CNAG-CRG, Centre for Genomic Regulation, Barcelona Institute of Science and Technology, Barcelona, Spain.
Department of Cell and Molecular Biology, Karolinska Institutet, Stockholm, Sweden.
Nat Biotechnol. 2020 Jun;38(6):747-755. doi: 10.1038/s41587-020-0469-4. Epub 2020 Apr 6.

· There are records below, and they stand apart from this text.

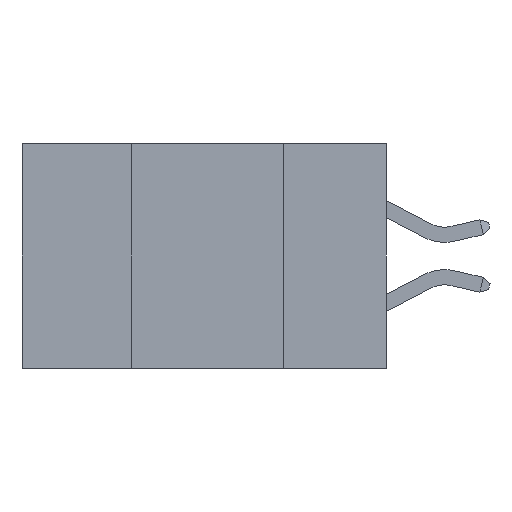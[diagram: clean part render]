
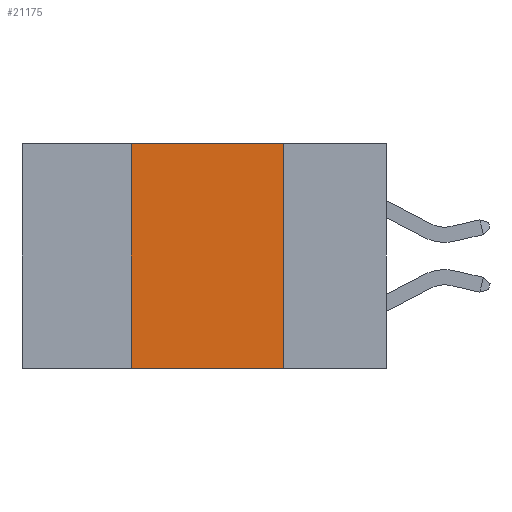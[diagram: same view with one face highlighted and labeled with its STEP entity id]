
A CAD part, left-side view. The second image highlights one B-rep face of the part: STEP entity #21175.
In plain terms, the highlighted planar face has unit normal (-1, 0, 0).
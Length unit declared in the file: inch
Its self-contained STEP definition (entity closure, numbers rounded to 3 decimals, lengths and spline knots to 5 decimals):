
#552 = CARTESIAN_POINT ( 'NONE',  ( 0., 0.6, 0. ) ) ;
#1191 = DIRECTION ( 'NONE',  ( 1., 0., 0. ) ) ;
#1618 = EDGE_CURVE ( 'NONE', #10075, #1935, #6770, .T. ) ;
#1935 = VERTEX_POINT ( 'NONE', #19331 ) ;
#2263 = DIRECTION ( 'NONE',  ( 0., -1., 0. ) ) ;
#3040 = FACE_OUTER_BOUND ( 'NONE', #19439, .T. ) ;
#3275 = EDGE_CURVE ( 'NONE', #9988, #16720, #10457, .T. ) ;
#3652 = CARTESIAN_POINT ( 'NONE',  ( 0., 0.42, -0.37 ) ) ;
#5445 = CARTESIAN_POINT ( 'NONE',  ( 0., 0.6, -0.37 ) ) ;
#6107 = EDGE_CURVE ( 'NONE', #16720, #10075, #17572, .T. ) ;
#6770 = LINE ( 'NONE', #18834, #19903 ) ;
#8125 = CARTESIAN_POINT ( 'NONE',  ( 0., 0.42, -0.37 ) ) ;
#8635 = ORIENTED_EDGE ( 'NONE', *, *, #1618, .F. ) ;
#9534 = EDGE_CURVE ( 'NONE', #9988, #1935, #14674, .T. ) ;
#9724 = VECTOR ( 'NONE', #15394, 39.37008 ) ;
#9988 = VERTEX_POINT ( 'NONE', #8125 ) ;
#10075 = VERTEX_POINT ( 'NONE', #18253 ) ;
#10457 = LINE ( 'NONE', #3652, #14877 ) ;
#12015 = ORIENTED_EDGE ( 'NONE', *, *, #6107, .F. ) ;
#12840 = DIRECTION ( 'NONE',  ( 0., 0., -1. ) ) ;
#13463 = ORIENTED_EDGE ( 'NONE', *, *, #3275, .F. ) ;
#14674 = LINE ( 'NONE', #5445, #9724 ) ;
#14877 = VECTOR ( 'NONE', #15284, 39.37008 ) ;
#15284 = DIRECTION ( 'NONE',  ( 0., 0., 1. ) ) ;
#15394 = DIRECTION ( 'NONE',  ( 0., -1., 0. ) ) ;
#16720 = VERTEX_POINT ( 'NONE', #19189 ) ;
#16949 = ORIENTED_EDGE ( 'NONE', *, *, #9534, .T. ) ;
#17063 = VECTOR ( 'NONE', #2263, 39.37008 ) ;
#17572 = LINE ( 'NONE', #552, #17063 ) ;
#18253 = CARTESIAN_POINT ( 'NONE',  ( 0., 0.17, 0. ) ) ;
#18707 = AXIS2_PLACEMENT_3D ( 'NONE', #19360, #1191, #12840 ) ;
#18834 = CARTESIAN_POINT ( 'NONE',  ( 0., 0.17, -0.37 ) ) ;
#19098 = DIRECTION ( 'NONE',  ( 0., 0., -1. ) ) ;
#19189 = CARTESIAN_POINT ( 'NONE',  ( 0., 0.42, 0. ) ) ;
#19331 = CARTESIAN_POINT ( 'NONE',  ( 0., 0.17, -0.37 ) ) ;
#19360 = CARTESIAN_POINT ( 'NONE',  ( 0., 0.6, 0. ) ) ;
#19439 = EDGE_LOOP ( 'NONE', ( #8635, #12015, #13463, #16949 ) ) ;
#19903 = VECTOR ( 'NONE', #19098, 39.37008 ) ;
#20883 = PLANE ( 'NONE',  #18707 ) ;
#21175 = ADVANCED_FACE ( 'NONE', ( #3040 ), #20883, .F. ) ;

Single-cell RNA sequencing (scRNA-seq) is the leading technique for characterizing the transcriptomes of individual cells in a sample. The latest protocols are scalable to thousands of cells and are being used to compile cell atlases of tissues, organs and organisms. However, the protocols differ substantially with respect to their RNA capture efficiency, bias, scale and costs, and their relative advantages for different applications are unclear. In the present study, we generated benchmark datasets to systematically evaluate protocols in terms of their power to comprehensively describe cell types and states. We performed a multicenter study comparing 13 commonly used scRNA-seq and single-nucleus RNA-seq protocols applied to a heterogeneous reference sample resource. Comparative analysis revealed marked differences in protocol performance. The protocols differed in library complexity and their ability to detect cell-type markers, impacting their predictive value and suitability for integration into reference cell atlases. These results provide guidance both for individual researchers and for consortium projects such as the Human Cell Atlas.
单细胞 RNA 测序(scRNA-seq)是一种用于描述样本中单细胞转录组的主要技术。最新的方案可扩展到数千个细胞,并被用于构建组织、器官和生物体的细胞图谱。然而,这些方案在 RNA 捕获效率、偏差、规模和成本方面存在很大差异,它们在不同应用中的相对优势尚不清楚。在本研究中,我们生成了基准数据集,以系统地评估这些方案在全面描述细胞类型和状态方面的能力。我们进行了一项多中心研究,比较了 13 种常用的 scRNA-seq 和单核 RNA-seq 方案在一个异质参考样本资源上的应用。比较分析显示,方案的性能存在显著差异。这些方案在文库复杂性和检测细胞类型标记物的能力方面存在差异,这影响了它们的预测价值和适合整合到参考细胞图谱中的能力。这些结果为单个研究人员和人类细胞图谱等联盟项目提供了指导。